我霍地睁大双眸,眸中是不屈的战火,我冷笑道:“我命由我不由天!只要我还有口气在我就绝不放弃。”
我指指木椅道:“你坐下来,我有事要与你商量。”
他银瞳灼亮盛满欣赏赞叹眷恋喜欢,默默的坐到椅上,目注于我。
我自顾自的把今天听说来的紫国水米的事说了一遍,然后直直看进他的眼中道:“狼,我想到了能解决现在这些状况的唯一方法,但要你帮我!”
他点头道:“你想我怎么做?你说吧。”
我慢慢道:“我要做绑匪······”
第一零九节规划
长夜寂寥,夜深人却不静。
我心潮澎湃热血沸腾,双眸烁烁生辉,疲倦之极的身体上只剩眼睛嘴巴在表达我绝不妥协的意念,别处零件是动也难动一下。

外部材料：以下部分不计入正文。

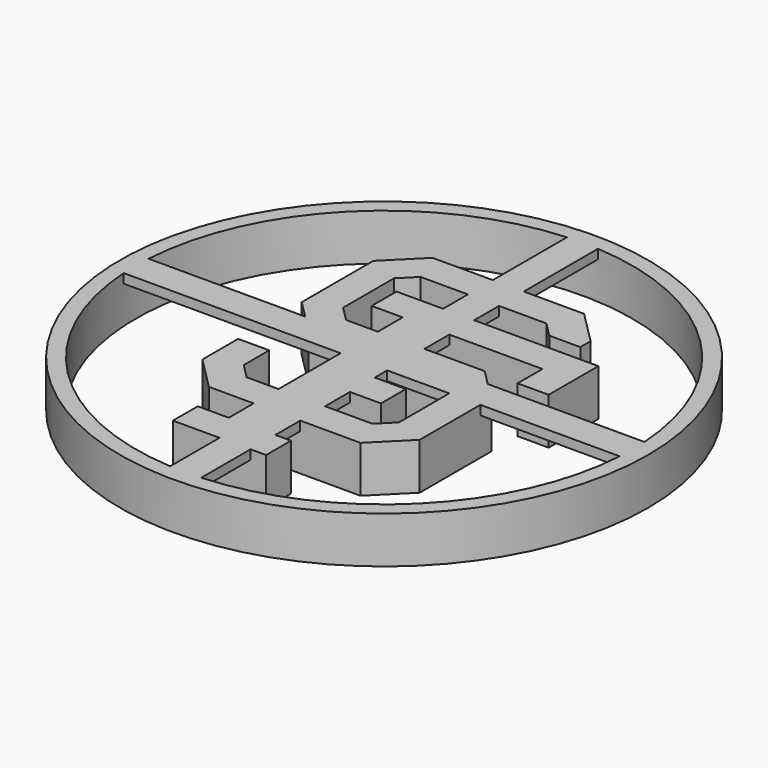
from build123d import *

# Parameters (mm, degrees)
F4_DEPTH = 15
F5_R     = 85
F5_R_2   = 80
F6_DEPTH = 15
F7_W     = 10
F7_H     = 10
F8_DEPTH = 3


with BuildPart() as f4:
    # F3 (on Top) → F4 (new body)
    with BuildSketch(Plane.XY):
        Polygon((24.3933982822, 50), (-24.3933982822, 50), (-35, 39.3933982822), (-35, 10.6066017178), (-24.3933982822, 0), (-10, 0), (-10, -30), (-20.2512626585, -30), (-25, -25.2512626585), (-25, -15), (-35, -15), (-35, -29.3933982822), (-24.3933982822, -40), (-10, -40), (-10, -50), (-20, -50), (-20, -60), (10, -60), (10, -50), (0, -50), (0, -40), (24.3933982822, -40), (35, -29.3933982822), (35, -0.6066017178), (24.3933982822, 10), (0, 10), (0, 12.3223304703), (0, 20), (35, 20), (35, 10), (45, 10), (45, 30), (-20, 30), (-20, 20), (-10, 20), (-10, 18.4070525334), (-10, 10), (-20.2512626585, 10), (-25, 14.7487373415), (-25, 18.8908729653), (-25, 35.2512626585), (-20.2512626585, 40), (20.2512626585, 40), (25, 35.2512626585), (35, 35.2512626585), (35, 39.3933982822), align=None)
        Polygon((20.2512626585, 0), (25, -4.7487373415), (25, -25.2512626585), (20.2512626585, -30), (0, -30), (0, -20), (15, -20), (15, -10), (0, -10), (0, 0), align=None, mode=Mode.SUBTRACT)
    extrude(amount=F4_DEPTH)



with BuildPart() as f6:
    # F5 (on Top) → F6 (new body)
    with BuildSketch(Plane.XY):
        Circle(F5_R)
        Circle(F5_R_2, mode=Mode.SUBTRACT)
    extrude(amount=F6_DEPTH)


with BuildPart() as f4_1:
    add(f4.part)

    add(f6.part)  # F8 merges F6
    # F7 (on face) → F8 (join)
    with BuildSketch(Plane.XY.offset(15)):
        Rectangle(F7_W, F7_H)
        with BuildLine():
            Line((79.8435971134, 5), (5, 5))
            Line((5, 5), (5, -5))
            Line((5, -5), (79.8435971134, -5))
            ThreePointArc((79.8435971134, -5), (79.9608897183, -2.5012227941), (80, 0))
            ThreePointArc((80, 0), (79.9608897183, 2.5012227941), (79.8435971134, 5))
        make_face()
        with BuildLine():
            Line((-5, 79.8435971134), (-5, 5))
            Line((-5, 5), (5, 5))
            Line((5, 5), (5, 79.8435971134))
            ThreePointArc((5, 79.8435971134), (0, 80), (-5, 79.8435971134))
        make_face()
        with BuildLine():
            Line((-5, 5), (-79.8435971134, 5))
            ThreePointArc((-79.8435971134, 5), (-80, 0), (-79.8435971134, -5))
            Line((-79.8435971134, -5), (-5, -5))
            Line((-5, -5), (-5, 5))
        make_face()
        with BuildLine():
            Line((5, -5), (-5, -5))
            Line((-5, -5), (-5, -79.8435971134))
            ThreePointArc((-5, -79.8435971134), (0, -80), (5, -79.8435971134))
            Line((5, -79.8435971134), (5, -5))
        make_face()
    extrude(amount=-F8_DEPTH)


solid = f4_1.part

我目注桑海·狼咬唇不语,思量怎样说,经过这一段时间的相处,我大概了解他的品性。虽心狠手辣但却正直端方,虽森寒强横却善良厚道,不知他能否同意我这种小人坏人的做法。
他看出我的犹豫,奇怪道:“什么事让你难以出口?你说吧,只要我能办到定答应你就是。”
我叹气道:“若非实在没有办法了,我也不会出此下下策,若有任何不好后果都算我的,与你无关。”
他更加诧异道:“什么事这么严重?”
我清清喉咙道:“我想请你动用狼窝势力,强行绑架来50名左右紫国会种水米的农户,人和水米种子一起运来越快越好。”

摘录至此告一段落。